→ **About this exercise**
Go through the listing below and output exactly the line with "#11,#12)) REPRESENTATION_CONTEXT('',''));", the line with "#23=PLANE('',#22);", and each line between; omit the rest.
(Beginning of Records for this task)
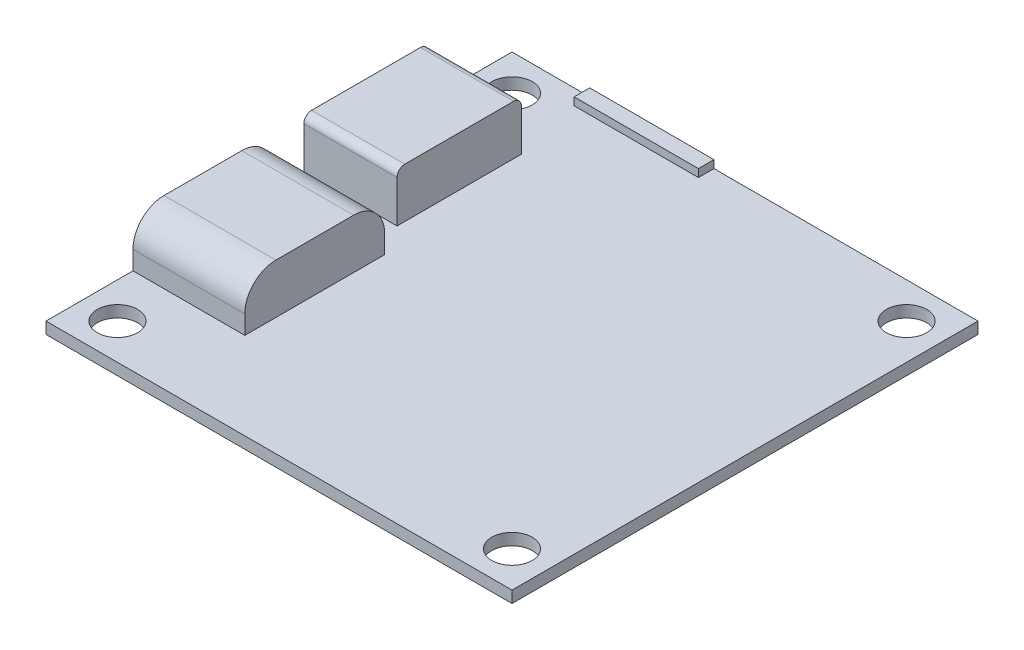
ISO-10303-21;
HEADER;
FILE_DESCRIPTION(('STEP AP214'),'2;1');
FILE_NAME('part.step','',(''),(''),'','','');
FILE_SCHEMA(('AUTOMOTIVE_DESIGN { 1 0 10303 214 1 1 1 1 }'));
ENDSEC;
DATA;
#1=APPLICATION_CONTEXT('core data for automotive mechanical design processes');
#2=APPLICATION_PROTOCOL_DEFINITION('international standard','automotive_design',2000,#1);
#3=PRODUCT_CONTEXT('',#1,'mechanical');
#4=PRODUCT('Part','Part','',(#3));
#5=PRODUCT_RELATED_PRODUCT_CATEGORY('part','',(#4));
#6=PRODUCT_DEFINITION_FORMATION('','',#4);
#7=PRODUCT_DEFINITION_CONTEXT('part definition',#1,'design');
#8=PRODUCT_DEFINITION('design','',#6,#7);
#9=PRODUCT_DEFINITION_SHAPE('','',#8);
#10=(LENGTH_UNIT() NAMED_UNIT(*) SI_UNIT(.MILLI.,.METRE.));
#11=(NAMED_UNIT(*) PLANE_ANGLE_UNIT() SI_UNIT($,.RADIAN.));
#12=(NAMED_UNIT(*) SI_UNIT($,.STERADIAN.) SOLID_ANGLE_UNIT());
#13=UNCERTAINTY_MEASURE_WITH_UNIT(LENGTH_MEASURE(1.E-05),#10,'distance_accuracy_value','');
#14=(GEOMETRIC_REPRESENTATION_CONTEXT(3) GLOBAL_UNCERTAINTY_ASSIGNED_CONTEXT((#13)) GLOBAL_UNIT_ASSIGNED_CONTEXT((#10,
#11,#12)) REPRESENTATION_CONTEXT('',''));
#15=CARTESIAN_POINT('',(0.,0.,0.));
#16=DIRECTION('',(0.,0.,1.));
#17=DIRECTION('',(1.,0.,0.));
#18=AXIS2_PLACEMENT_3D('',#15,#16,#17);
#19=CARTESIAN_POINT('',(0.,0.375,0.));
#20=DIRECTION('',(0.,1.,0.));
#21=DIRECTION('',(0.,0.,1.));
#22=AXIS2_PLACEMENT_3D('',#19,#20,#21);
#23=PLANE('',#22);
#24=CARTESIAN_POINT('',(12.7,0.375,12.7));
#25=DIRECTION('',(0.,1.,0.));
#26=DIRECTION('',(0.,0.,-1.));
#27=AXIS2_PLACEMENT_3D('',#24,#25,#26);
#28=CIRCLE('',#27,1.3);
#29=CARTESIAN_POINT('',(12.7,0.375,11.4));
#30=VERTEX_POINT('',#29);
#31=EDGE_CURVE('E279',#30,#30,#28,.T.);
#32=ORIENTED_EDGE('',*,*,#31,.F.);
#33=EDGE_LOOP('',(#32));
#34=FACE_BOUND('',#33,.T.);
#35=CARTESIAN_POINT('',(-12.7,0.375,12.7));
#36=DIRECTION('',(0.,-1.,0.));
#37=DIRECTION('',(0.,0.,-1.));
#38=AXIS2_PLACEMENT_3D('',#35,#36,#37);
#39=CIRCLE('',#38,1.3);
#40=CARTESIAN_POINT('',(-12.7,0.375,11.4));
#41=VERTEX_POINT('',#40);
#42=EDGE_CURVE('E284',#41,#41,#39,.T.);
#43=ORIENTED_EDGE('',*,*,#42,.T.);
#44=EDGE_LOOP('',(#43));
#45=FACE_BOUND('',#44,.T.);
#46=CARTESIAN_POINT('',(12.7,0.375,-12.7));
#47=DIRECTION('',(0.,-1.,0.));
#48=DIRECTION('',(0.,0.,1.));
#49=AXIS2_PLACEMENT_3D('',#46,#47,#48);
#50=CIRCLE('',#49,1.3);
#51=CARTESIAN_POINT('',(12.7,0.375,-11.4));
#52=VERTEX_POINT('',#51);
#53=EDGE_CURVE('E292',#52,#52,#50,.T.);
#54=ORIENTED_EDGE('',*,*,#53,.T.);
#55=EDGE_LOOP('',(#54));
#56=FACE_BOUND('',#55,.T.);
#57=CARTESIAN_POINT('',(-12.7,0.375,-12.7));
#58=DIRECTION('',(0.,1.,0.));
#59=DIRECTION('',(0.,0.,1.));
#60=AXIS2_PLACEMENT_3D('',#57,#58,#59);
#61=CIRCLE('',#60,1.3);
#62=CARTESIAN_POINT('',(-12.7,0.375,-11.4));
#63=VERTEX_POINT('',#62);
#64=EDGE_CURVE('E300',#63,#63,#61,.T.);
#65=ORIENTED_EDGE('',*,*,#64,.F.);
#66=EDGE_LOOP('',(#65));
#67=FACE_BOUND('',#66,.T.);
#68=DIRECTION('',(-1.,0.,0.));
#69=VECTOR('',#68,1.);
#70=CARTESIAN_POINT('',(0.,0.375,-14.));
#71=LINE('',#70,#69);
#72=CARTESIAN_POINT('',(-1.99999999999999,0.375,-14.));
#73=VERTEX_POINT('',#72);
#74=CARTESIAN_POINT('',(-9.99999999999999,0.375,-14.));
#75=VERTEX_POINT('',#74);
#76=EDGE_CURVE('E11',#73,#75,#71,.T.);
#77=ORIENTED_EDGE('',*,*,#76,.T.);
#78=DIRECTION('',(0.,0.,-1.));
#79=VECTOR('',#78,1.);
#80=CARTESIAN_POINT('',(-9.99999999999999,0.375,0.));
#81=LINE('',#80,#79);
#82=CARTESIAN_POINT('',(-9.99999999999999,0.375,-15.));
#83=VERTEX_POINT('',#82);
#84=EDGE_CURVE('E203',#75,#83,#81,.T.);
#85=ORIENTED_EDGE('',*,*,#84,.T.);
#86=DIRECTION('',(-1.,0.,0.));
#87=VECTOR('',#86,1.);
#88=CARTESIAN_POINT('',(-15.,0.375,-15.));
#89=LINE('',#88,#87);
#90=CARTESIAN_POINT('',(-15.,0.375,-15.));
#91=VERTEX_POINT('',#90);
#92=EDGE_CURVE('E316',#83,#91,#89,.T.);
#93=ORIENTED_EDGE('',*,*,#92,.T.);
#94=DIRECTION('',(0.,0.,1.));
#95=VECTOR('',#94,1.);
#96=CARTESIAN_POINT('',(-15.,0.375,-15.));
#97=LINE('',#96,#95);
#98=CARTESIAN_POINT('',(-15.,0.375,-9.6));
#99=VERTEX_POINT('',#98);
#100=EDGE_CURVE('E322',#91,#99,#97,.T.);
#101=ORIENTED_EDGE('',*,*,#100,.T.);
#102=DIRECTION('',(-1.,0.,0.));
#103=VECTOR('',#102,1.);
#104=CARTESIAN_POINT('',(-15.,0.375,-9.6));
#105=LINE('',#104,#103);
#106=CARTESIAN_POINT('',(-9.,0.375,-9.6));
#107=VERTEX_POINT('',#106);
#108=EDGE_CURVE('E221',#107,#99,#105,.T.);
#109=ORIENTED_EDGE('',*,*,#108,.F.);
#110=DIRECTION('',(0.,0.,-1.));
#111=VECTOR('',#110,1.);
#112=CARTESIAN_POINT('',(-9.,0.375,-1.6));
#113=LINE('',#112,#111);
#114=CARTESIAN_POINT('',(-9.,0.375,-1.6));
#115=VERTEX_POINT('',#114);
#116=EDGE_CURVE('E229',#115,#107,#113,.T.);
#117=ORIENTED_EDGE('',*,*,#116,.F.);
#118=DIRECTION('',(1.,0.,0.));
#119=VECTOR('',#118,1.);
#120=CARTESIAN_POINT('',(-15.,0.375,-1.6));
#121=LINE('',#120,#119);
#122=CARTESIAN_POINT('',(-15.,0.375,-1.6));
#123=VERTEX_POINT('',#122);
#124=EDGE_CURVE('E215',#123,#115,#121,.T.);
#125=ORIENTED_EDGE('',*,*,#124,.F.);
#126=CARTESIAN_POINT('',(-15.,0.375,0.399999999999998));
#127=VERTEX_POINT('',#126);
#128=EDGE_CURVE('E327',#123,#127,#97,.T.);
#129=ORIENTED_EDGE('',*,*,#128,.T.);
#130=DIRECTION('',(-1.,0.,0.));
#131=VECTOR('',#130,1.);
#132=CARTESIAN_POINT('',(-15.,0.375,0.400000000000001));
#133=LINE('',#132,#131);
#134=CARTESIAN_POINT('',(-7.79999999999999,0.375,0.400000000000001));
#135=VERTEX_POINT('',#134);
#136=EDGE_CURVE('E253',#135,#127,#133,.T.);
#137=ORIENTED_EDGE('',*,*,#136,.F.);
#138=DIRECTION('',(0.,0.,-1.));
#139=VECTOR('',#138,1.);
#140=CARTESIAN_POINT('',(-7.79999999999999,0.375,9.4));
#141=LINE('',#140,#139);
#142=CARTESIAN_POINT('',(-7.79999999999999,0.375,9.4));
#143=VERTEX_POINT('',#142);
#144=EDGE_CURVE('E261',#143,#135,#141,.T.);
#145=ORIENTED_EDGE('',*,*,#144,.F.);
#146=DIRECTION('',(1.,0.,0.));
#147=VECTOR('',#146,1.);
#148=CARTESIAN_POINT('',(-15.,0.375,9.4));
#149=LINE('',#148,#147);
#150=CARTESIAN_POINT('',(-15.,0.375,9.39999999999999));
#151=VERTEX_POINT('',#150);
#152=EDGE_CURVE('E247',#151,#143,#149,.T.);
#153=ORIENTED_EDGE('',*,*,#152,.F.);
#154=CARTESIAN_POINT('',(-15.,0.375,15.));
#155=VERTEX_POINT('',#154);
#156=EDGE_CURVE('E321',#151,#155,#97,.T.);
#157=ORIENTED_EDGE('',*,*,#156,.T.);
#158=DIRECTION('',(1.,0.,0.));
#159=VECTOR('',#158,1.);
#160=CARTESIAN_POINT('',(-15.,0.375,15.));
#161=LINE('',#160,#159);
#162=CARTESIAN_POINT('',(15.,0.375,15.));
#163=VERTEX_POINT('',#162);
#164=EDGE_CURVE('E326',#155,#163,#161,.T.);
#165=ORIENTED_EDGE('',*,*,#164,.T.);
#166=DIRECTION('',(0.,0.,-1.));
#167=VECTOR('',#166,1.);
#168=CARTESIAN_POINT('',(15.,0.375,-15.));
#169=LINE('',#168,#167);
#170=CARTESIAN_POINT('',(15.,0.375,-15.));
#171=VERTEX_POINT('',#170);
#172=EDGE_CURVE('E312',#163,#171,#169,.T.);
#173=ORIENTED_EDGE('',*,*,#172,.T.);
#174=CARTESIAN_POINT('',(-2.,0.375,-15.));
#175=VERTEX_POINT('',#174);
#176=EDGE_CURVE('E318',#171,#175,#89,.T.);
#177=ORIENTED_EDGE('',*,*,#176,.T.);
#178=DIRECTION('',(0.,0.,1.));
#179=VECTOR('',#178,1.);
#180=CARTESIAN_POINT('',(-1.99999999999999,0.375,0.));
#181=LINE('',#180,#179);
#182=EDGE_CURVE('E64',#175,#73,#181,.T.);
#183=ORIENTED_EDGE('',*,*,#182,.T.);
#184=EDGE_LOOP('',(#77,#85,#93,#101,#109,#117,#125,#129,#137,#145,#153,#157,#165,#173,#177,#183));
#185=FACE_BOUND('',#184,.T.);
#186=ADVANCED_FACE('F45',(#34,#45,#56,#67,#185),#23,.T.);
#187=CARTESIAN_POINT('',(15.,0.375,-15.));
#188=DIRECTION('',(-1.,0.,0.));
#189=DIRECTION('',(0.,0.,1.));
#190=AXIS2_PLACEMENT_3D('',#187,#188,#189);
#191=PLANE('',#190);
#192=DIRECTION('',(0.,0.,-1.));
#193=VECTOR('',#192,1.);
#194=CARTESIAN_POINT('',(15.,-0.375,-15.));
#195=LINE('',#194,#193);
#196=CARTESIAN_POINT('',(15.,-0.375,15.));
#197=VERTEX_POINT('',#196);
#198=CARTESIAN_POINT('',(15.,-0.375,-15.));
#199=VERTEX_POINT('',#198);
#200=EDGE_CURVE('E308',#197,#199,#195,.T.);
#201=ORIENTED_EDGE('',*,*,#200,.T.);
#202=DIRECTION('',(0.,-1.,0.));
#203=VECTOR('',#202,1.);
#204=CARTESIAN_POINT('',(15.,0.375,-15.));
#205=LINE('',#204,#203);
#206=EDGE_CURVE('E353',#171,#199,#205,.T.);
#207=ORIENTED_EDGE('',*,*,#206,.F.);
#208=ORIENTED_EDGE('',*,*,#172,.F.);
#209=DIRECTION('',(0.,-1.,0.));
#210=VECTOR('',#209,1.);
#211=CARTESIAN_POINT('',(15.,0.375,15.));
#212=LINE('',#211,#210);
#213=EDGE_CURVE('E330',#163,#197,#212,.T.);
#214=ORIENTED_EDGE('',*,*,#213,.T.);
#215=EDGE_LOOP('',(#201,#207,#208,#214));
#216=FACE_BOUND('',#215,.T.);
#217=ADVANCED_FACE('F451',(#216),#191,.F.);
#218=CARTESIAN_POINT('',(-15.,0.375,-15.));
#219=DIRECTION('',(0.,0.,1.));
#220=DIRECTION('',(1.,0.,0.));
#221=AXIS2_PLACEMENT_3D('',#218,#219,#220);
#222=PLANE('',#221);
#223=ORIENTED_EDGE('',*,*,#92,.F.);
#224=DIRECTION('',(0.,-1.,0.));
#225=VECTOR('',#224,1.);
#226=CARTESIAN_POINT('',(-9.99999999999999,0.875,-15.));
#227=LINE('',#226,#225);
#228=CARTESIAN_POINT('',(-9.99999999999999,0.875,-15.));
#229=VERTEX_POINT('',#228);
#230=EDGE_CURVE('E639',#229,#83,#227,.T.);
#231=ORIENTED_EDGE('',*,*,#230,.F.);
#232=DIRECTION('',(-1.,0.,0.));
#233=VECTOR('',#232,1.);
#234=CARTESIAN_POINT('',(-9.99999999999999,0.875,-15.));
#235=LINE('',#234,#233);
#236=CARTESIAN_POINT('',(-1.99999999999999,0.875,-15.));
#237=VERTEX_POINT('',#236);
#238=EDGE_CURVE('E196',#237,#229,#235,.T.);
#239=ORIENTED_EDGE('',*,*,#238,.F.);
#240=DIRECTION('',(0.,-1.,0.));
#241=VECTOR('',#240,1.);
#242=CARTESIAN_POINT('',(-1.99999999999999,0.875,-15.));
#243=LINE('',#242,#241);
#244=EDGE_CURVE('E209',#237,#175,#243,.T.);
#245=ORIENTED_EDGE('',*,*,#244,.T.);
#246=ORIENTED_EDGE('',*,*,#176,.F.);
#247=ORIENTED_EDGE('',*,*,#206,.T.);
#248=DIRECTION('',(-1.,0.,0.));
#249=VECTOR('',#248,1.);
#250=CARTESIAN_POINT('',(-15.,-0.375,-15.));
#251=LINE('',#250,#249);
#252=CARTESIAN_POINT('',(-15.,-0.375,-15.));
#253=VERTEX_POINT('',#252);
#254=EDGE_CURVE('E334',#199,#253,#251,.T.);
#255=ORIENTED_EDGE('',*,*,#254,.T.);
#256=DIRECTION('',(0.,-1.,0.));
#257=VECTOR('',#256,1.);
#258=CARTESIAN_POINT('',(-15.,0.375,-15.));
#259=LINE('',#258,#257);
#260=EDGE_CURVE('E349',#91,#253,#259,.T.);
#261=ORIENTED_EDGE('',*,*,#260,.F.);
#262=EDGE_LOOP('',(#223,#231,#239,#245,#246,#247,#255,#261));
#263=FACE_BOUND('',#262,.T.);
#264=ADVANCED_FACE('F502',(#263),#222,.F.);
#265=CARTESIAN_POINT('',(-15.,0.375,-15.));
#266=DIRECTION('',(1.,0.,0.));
(End of Records for this task)
→ **Solution to this task**
#11,#12)) REPRESENTATION_CONTEXT('',''));
#15=CARTESIAN_POINT('',(0.,0.,0.));
#16=DIRECTION('',(0.,0.,1.));
#17=DIRECTION('',(1.,0.,0.));
#18=AXIS2_PLACEMENT_3D('',#15,#16,#17);
#19=CARTESIAN_POINT('',(0.,0.375,0.));
#20=DIRECTION('',(0.,1.,0.));
#21=DIRECTION('',(0.,0.,1.));
#22=AXIS2_PLACEMENT_3D('',#19,#20,#21);
#23=PLANE('',#22);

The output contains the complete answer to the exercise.